* _ABOUT THIS EXERCISE_
Search the entries for the word "circle". Copy each line in which it is found.

━━━━━ SOURCE MATERIAL

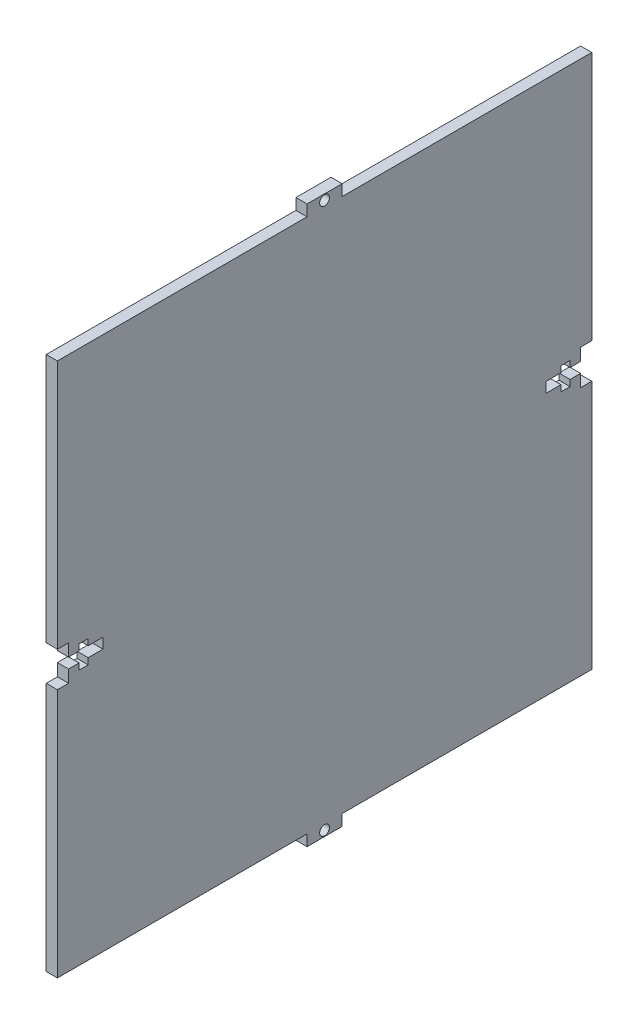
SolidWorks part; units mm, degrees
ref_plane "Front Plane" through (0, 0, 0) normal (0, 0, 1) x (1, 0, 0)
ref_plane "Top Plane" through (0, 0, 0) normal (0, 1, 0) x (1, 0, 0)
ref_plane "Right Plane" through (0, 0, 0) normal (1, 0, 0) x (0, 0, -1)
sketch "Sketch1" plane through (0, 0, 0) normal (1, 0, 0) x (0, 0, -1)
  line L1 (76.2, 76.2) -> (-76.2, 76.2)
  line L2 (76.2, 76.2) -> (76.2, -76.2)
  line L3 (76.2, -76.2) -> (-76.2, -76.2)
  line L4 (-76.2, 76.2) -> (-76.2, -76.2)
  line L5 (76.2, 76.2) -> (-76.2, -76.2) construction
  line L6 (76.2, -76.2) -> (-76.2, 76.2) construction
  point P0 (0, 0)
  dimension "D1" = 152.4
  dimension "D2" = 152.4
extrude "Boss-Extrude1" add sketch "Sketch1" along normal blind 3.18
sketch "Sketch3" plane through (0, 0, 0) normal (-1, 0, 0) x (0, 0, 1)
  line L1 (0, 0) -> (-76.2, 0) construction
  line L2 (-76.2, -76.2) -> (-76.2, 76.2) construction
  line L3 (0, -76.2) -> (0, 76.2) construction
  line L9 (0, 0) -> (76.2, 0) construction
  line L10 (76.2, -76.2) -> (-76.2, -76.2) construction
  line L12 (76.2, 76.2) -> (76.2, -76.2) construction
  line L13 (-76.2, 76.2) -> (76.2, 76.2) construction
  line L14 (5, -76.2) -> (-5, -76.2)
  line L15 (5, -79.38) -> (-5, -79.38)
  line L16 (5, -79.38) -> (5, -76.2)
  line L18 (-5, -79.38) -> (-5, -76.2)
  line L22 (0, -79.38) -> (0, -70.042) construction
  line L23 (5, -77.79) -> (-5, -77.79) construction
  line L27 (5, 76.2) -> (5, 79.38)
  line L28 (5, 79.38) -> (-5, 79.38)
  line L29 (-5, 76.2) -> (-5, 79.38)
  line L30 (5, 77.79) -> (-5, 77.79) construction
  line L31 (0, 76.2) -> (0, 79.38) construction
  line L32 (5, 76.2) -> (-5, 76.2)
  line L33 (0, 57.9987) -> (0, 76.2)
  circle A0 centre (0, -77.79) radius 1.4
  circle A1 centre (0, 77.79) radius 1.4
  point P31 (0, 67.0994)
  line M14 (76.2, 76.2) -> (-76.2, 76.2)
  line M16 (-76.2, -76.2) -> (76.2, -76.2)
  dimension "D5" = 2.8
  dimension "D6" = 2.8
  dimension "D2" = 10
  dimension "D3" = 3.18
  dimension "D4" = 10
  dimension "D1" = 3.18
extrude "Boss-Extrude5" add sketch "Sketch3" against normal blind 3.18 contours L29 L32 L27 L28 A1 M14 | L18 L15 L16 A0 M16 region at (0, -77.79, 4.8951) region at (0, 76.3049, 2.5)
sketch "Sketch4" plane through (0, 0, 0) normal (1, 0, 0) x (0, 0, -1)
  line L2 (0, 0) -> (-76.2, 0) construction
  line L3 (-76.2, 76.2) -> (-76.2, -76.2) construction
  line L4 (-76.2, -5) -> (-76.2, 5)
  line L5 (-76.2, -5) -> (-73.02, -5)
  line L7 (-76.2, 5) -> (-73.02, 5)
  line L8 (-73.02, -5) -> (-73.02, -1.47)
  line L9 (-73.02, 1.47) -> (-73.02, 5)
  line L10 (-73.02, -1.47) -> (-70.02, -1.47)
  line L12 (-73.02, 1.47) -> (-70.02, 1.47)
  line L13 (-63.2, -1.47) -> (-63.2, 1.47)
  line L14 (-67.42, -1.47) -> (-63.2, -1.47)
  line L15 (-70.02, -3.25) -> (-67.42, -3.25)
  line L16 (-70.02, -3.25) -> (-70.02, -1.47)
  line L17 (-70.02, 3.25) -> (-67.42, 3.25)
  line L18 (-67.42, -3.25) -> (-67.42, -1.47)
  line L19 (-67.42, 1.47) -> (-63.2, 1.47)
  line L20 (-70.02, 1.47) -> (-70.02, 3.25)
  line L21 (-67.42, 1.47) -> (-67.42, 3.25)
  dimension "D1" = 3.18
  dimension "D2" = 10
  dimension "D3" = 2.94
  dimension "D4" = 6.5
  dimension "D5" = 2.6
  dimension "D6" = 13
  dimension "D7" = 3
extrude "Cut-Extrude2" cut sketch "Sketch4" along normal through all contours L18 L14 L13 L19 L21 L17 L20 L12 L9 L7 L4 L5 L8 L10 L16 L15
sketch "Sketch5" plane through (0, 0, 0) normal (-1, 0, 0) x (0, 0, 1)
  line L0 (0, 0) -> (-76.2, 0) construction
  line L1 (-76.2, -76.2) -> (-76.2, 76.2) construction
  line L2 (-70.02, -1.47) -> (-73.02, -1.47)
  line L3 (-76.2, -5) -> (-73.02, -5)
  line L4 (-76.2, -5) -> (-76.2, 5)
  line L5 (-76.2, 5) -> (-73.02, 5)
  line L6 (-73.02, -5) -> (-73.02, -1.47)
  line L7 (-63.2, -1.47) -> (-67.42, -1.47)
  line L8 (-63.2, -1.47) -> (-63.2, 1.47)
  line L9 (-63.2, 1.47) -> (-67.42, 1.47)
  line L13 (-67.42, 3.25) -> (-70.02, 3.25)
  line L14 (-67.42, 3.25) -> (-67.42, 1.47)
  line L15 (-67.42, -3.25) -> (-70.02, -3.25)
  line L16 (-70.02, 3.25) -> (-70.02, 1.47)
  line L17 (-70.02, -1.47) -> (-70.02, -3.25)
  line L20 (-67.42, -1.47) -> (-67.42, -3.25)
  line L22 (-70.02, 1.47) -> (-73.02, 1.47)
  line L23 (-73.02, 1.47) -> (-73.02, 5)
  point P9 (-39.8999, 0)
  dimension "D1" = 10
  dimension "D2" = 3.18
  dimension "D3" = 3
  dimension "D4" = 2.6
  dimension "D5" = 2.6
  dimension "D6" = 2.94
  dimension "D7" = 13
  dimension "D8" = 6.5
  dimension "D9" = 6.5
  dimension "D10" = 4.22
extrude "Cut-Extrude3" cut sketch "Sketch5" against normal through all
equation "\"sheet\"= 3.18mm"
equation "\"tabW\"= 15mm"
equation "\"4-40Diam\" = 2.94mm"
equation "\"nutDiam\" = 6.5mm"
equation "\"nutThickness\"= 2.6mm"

━━━━━━━━━━

* _ANSWER TO THIS TASK_
  circle A0 centre (0, -77.79) radius 1.4
  circle A1 centre (0, 77.79) radius 1.4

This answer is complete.